Yorick 2.0: The Personality Split

Introduction

When Yorick was first brought to life, he had Alexa’s voice. A lot of his charm was the incongruity between his appearance and his voice. At the same time, a number of folks asked about having a creepier voice and I wanted to try to do that for this Halloween.  An update to the AlexaPi project added support for the SoX audio playback handler as an alternative to VLC. SoX has support for audio effects, so it became possible to change Yorick’s output voice. I didn’t want to lose Alexa’s voice, so I edited the AlexaPi code so that it would recognize both “Alexa” and “Yorick” as trigger words, with the output sound depending on which trigger word you used. As a result, Yorick now responds either as Alexa or with his own voice.

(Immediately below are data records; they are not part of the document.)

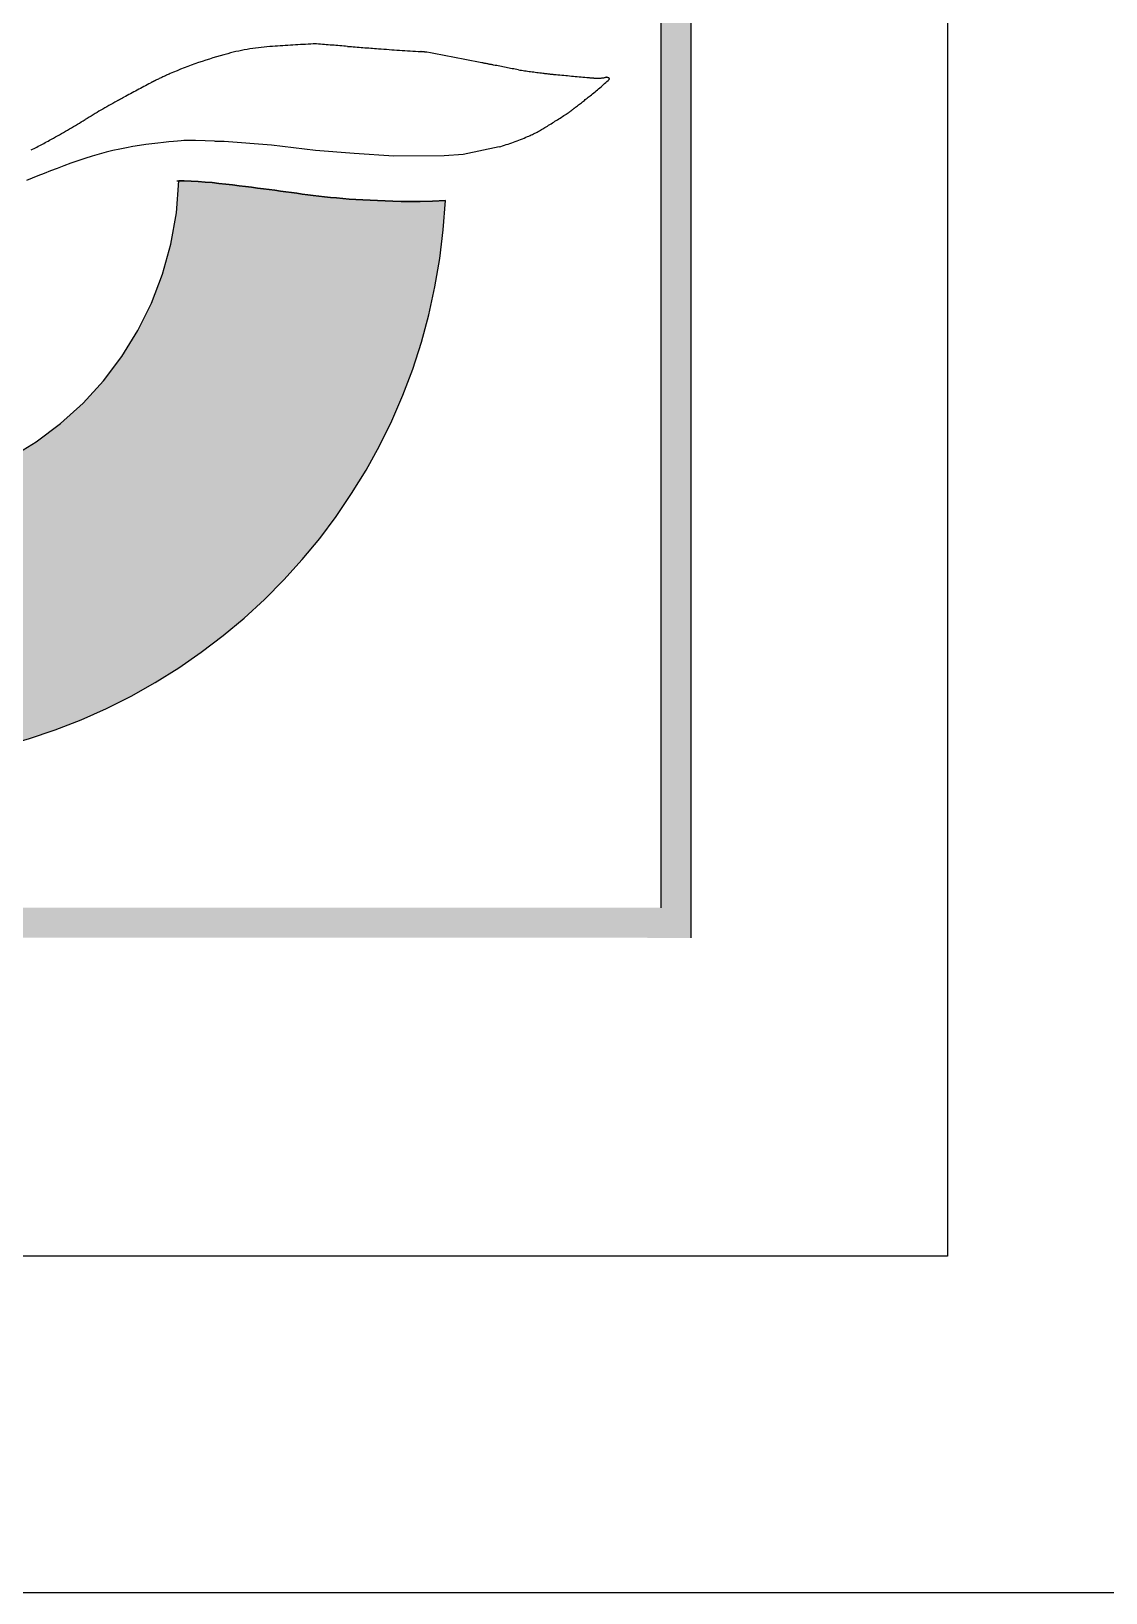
# Model space of a CAD drawing. Extents: x -2384 to 29887, y -2542 to 22350.
# Drawn here: x 6116.9 to 6135.35, y 2260.82 to 2287.65 of the extents above; entities that cross this region are included whole.
import ezdxf

# ---------------------------------------------------------------- set-up
doc = ezdxf.new("R2010")
doc.units = 0
doc.header["$LTSCALE"] = 63.5
doc.header["$MEASUREMENT"] = 0
doc.linetypes.add('PHANTOM', pattern=[2.5, 1.25, -0.25, 0.25, -0.25, 0.25, -0.25])
doc.layers.get('0').update_dxf_attribs({"linetype": 'CONTINUOUS'})
doc.layers.add('weld controller', color=1, linetype='PHANTOM')

# ---------------------------------------------------------------- blocks, each defined once
blk = doc.blocks.new('A$C53227E15')
at = {"layer": 'weld controller', "ltscale": 0.5}
h = blk.add_hatch(color=256, dxfattribs=at)
h.paths.add_polyline_path([(-251.4088231269106, 27.64731021690068), (-251.4079806753825, 52.21855713883906), (-223.2969837756377, 52.21759332319016), (-223.2978262271654, 27.64634640125178)], flags=16)
h.paths.add_polyline_path([(-251.9677487614354, 27.12982207296), (-251.9668708233226, 52.73608360829303), (-222.7794587256503, 52.73508288659559), (-222.7803366637636, 27.12882135126301)])
h = blk.add_hatch(color=256, dxfattribs=at)
edge = h.paths.add_edge_path()
edge.add_line((-242.7347371748674, 39.90948002423647), (-242.8122636248204, 39.90554565722141))
edge.add_line((-242.8122636248208, 39.90554565722096), (-242.9803388369419, 39.89403008829413))
edge.add_line((-242.9803388369419, 39.89403008829413), (-243.1355241842034, 39.88160920804285))
edge.add_line((-243.1355241842029, 39.88160920804285), (-243.2861370911392, 39.86904900812351))
edge.add_line((-243.2861370911396, 39.86904900812306), (-243.4342698143296, 39.8564777038664))
edge.add_line((-243.4342698143291, 39.8564777038664), (-243.5804583177105, 39.84386406657813))
edge.add_line((-243.580458317711, 39.84386406657813), (-243.7252385667121, 39.83117686727383))
edge.add_line((-243.7252385667116, 39.83117686727383), (-243.8691465264246, 39.81838487714276))
edge.add_line((-243.8691465264246, 39.81838487714231), (-244.0127181598887, 39.80545686762207))
edge.add_line((-244.0127181598887, 39.80545686762207), (-244.1564894321996, 39.79236160970413))
edge.add_line((-244.1564894322, 39.79236160970459), (-244.3009963084428, 39.77906787467737))
edge.add_line((-244.3009963084423, 39.77906787467737), (-244.4467616426937, 39.76555062643001))
edge.add_line((-244.4467616426941, 39.76555062643001), (-244.5942558483171, 39.75180959968429))
edge.add_line((-244.5942558483171, 39.75180959968429), (-244.7439362284344, 39.73785072186547))
edge.add_line((-244.743936228434, 39.73785072186547), (-244.8962600861651, 39.72367992039972))
edge.add_line((-244.8962600861655, 39.72367992039972), (-245.0516847246345, 39.70930312271685))
edge.add_line((-245.0516847246345, 39.70930312271685), (-245.2106674473257, 39.69472625624849))
edge.add_line((-245.2106674473257, 39.69472625624849), (-245.3736655560124, 39.67995524840171))
edge.add_line((-245.3736655560124, 39.67995524840171), (-245.5411363555791, 39.66499602658405))
edge.add_line((-245.5411363555791, 39.66499602658405), (-245.713410199784, 39.64997532047573))
edge.add_line((-245.713410199784, 39.64997532047573), (-245.8903096501858, 39.63550306837578))
edge.add_line((-245.8903096501858, 39.63550306837578), (-246.0715303192223, 39.62231001085729))
edge.add_line((-246.0715303192223, 39.62231001085729), (-246.2567678199944, 39.61112688845196))
edge.add_line((-246.2567678199944, 39.61112688845196), (-246.4457177652139, 39.60268444171106))
edge.add_line((-246.4457177652139, 39.60268444171152), (-246.638075767743, 39.59771341118267))
edge.add_line((-246.638075767743, 39.59771341118267), (-246.8335374403555, 39.59694453740531))
edge.add_line((-246.8335374403555, 39.59694453740531), (-247.0317983958921, 39.6011085609307))
edge.add_line((-247.0317983958921, 39.6011085609307), (-247.2333543939917, 39.61104368493261))
edge.add_line((-247.2333543939917, 39.61104368493261), (-247.3151379097912, 39.61770028305318))
edge.add_arc((-237.161026686992, 40.27496437414993), 10.17536096708216, 183.7035241503204, 357.3049574420958)
edge.add_line((-226.9969202079583, 39.79651866847735), (-227.2194862130577, 39.78617063172442))
edge.add_line((-227.2194862130582, 39.78617063172487), (-227.4282184703275, 39.78067784507357))
edge.add_line((-227.428218470327, 39.78067784507311), (-227.6046748382309, 39.77989782707391))
edge.add_line((-227.6046748382309, 39.77989782707391), (-227.7582897669836, 39.78239199540167))
edge.add_line((-227.7582897669836, 39.78239199540167), (-227.8984977068926, 39.78672176772216))
edge.add_line((-227.8984977068931, 39.7867217677217), (-228.0331662207122, 39.79169659094441))
edge.add_line((-228.0331662207118, 39.79169659094441), (-228.1638953216852, 39.79711802893507))
edge.add_line((-228.1638953216852, 39.79711802893462), (-228.2907181357664, 39.80303567480587))
edge.add_line((-228.2907181357659, 39.80303567480587), (-228.4136677882107, 39.80949912165033))
edge.add_line((-228.4136677882107, 39.80949912165033), (-228.5327774050884, 39.81655796258019))
edge.add_line((-228.5327774050884, 39.81655796258065), (-228.6480801120156, 39.82426179068989))
edge.add_line((-228.648080112016, 39.82426179068989), (-228.7596090347179, 39.83266019909934))
edge.add_line((-228.7596090347179, 39.83266019909934), (-228.8673972989882, 39.84180278090025))
edge.add_line((-228.8673972989882, 39.84180278090071), (-228.9715607818425, 39.85171432726884))
edge.add_line((-228.9715607818425, 39.85171432726884), (-229.0725463655585, 39.86232042158645))
edge.add_line((-229.0725463655581, 39.86232042158645), (-229.1708836836979, 39.87352184532983))
edge.add_line((-229.1708836836983, 39.87352184532983), (-229.267102369829, 39.88521937993301))
edge.add_line((-229.267102369829, 39.88521937993255), (-229.3617320574181, 39.8973138068759))
edge.add_line((-229.3617320574176, 39.8973138068759), (-229.4553023802796, 39.90970590760116))
edge.add_line((-229.45530238028, 39.90970590760162), (-229.5483429718497, 39.92229646356418))
edge.add_line((-229.5483429718497, 39.92229646356418), (-229.6413834655118, 39.93498625621987))
edge.add_line((-229.6413834655118, 39.93498625621987), (-229.7349203983472, 39.94769811703873))
edge.add_line((-229.7349203983472, 39.94769811703873), (-229.8293179201082, 39.9604430774707))
edge.add_line((-229.8293179201082, 39.96044307747025), (-229.9249070837427, 39.97325421895675))
edge.add_line((-229.9249070837423, 39.97325421895721), (-230.0220189425713, 39.98616462302925))
edge.add_line((-230.0220189425718, 39.98616462302925), (-230.1209845500603, 39.99920737098091))
edge.add_line((-230.1209845500598, 39.99920737098091), (-230.2221349580745, 40.01241554437911))
edge.add_line((-230.222134958075, 40.01241554437956), (-230.3258012213682, 40.02582222481988))
edge.add_line((-230.3258012213682, 40.02582222481988), (-230.432314391659, 40.03946049352635))
edge.add_line((-230.432314391659, 40.03946049352635), (-230.5418841463893, 40.05330554422835))
edge.add_line((-230.5418841463888, 40.05330554422881), (-230.6542346577157, 40.06710101912631))
edge.add_line((-230.6542346577157, 40.06710101912586), (-230.7689687216839, 40.08053267267587))
edge.add_line((-230.7689687216839, 40.08053267267587), (-230.8856891342994, 40.09328625927174))
edge.add_line((-230.8856891342994, 40.09328625927219), (-231.003998691559, 40.10504753332498))
edge.add_line((-231.003998691559, 40.10504753332498), (-231.1235001894406, 40.11550224926077))
edge.add_line((-231.1235001894411, 40.11550224926077), (-231.2437964240044, 40.12433616148428))
edge.add_line((-231.2437964240044, 40.12433616148428), (-231.3644901912567, 40.13123502440931))
edge.add_line((-231.3644901912567, 40.13123502440931), (-231.4855152888781, 40.13573571796042))
edge.add_line((-231.4855152888781, 40.13573571796042), (-231.5770622155724, 40.13651512505021))
edge.add_arc((-237.1610266869934, 40.27496437415084), 5.585680568442172, 183.7516793007172, 358.5796949843318, ccw=False)
for p, q in [((-218.372819031455, 59.76113482196979), (-218.372819031455, 21.66113482196988)), ((-222.7794587256503, 52.73508288659741), (-222.7803366637636, 27.12882135126119)), ((-223.2969837756377, 52.21759332319243), (-223.2978262271658, 27.64634640125178)), ((-231.9371963231538, 40.78588541635918), (-232.0392274130945, 40.77375418302108)), ((-231.8399888708377, 40.79638446606623), (-231.9371963231538, 40.78588541635918)), ((-231.7494538171568, 40.80534887078693), (-231.8399888708377, 40.79638446606623)), ((-231.6674399231188, 40.81287616916825), (-231.7494538171568, 40.80534887078693)), ((-231.5957959497382, 40.8190638998567), (-231.6674399231188, 40.81287616916825)), ((-231.536370658021, 40.82400960150608), (-231.5957959497382, 40.8190638998567)), ((-231.4910128089796, 40.82781081275925), (-231.536370658021, 40.82400960150608)), ((-231.4615711636216, 40.83056507226593), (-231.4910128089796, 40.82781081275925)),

Just like Elliot on Mr. Robot, Yorick now has a split personality.

Conversations

I talked to Yorick, aka Alexa, a bit about Halloween:

It turns out that Yorick is a baseball fan and was rather disappointed that the Washington Nationals aren’t in the World Series. Awhile back, I asked him about going to one of the playoff games:

Technical Notes

AlexaPi uses PocketSphinx for recognizing the trigger word. The original code is set up to recognize a single trigger word or phrase, which you can easilly change in a yaml configuration file. However PocketSphinx can recognize multiple keywords or phrases selected from a python list. Some editing of the AlexaPi source code was needed in order to change the trigger from a single variable to a list. Similarly, the code was modified slightly so that once a trigger word was recognized it checks which word was used. If the trigger word is “Yorick” it changes the pitch and speed of the audio output.

I used version 1.5 of AlexaPi. This and previous versions had a problem in that the temporary file names used were the response code that the Alexa voice service returned. These sometimes included characters that were illegal for file names or that were too long for a file name. I patched these problems (and later versions of AlexaPi have fixed this problem).

In addition, the servo motion routines had to be modified slightly, as version 1.5 and later of AlexaPi begins streaming questions to the Alexa voice service as they are asked, rather than waiting until the question is finished. This results in a faster response time.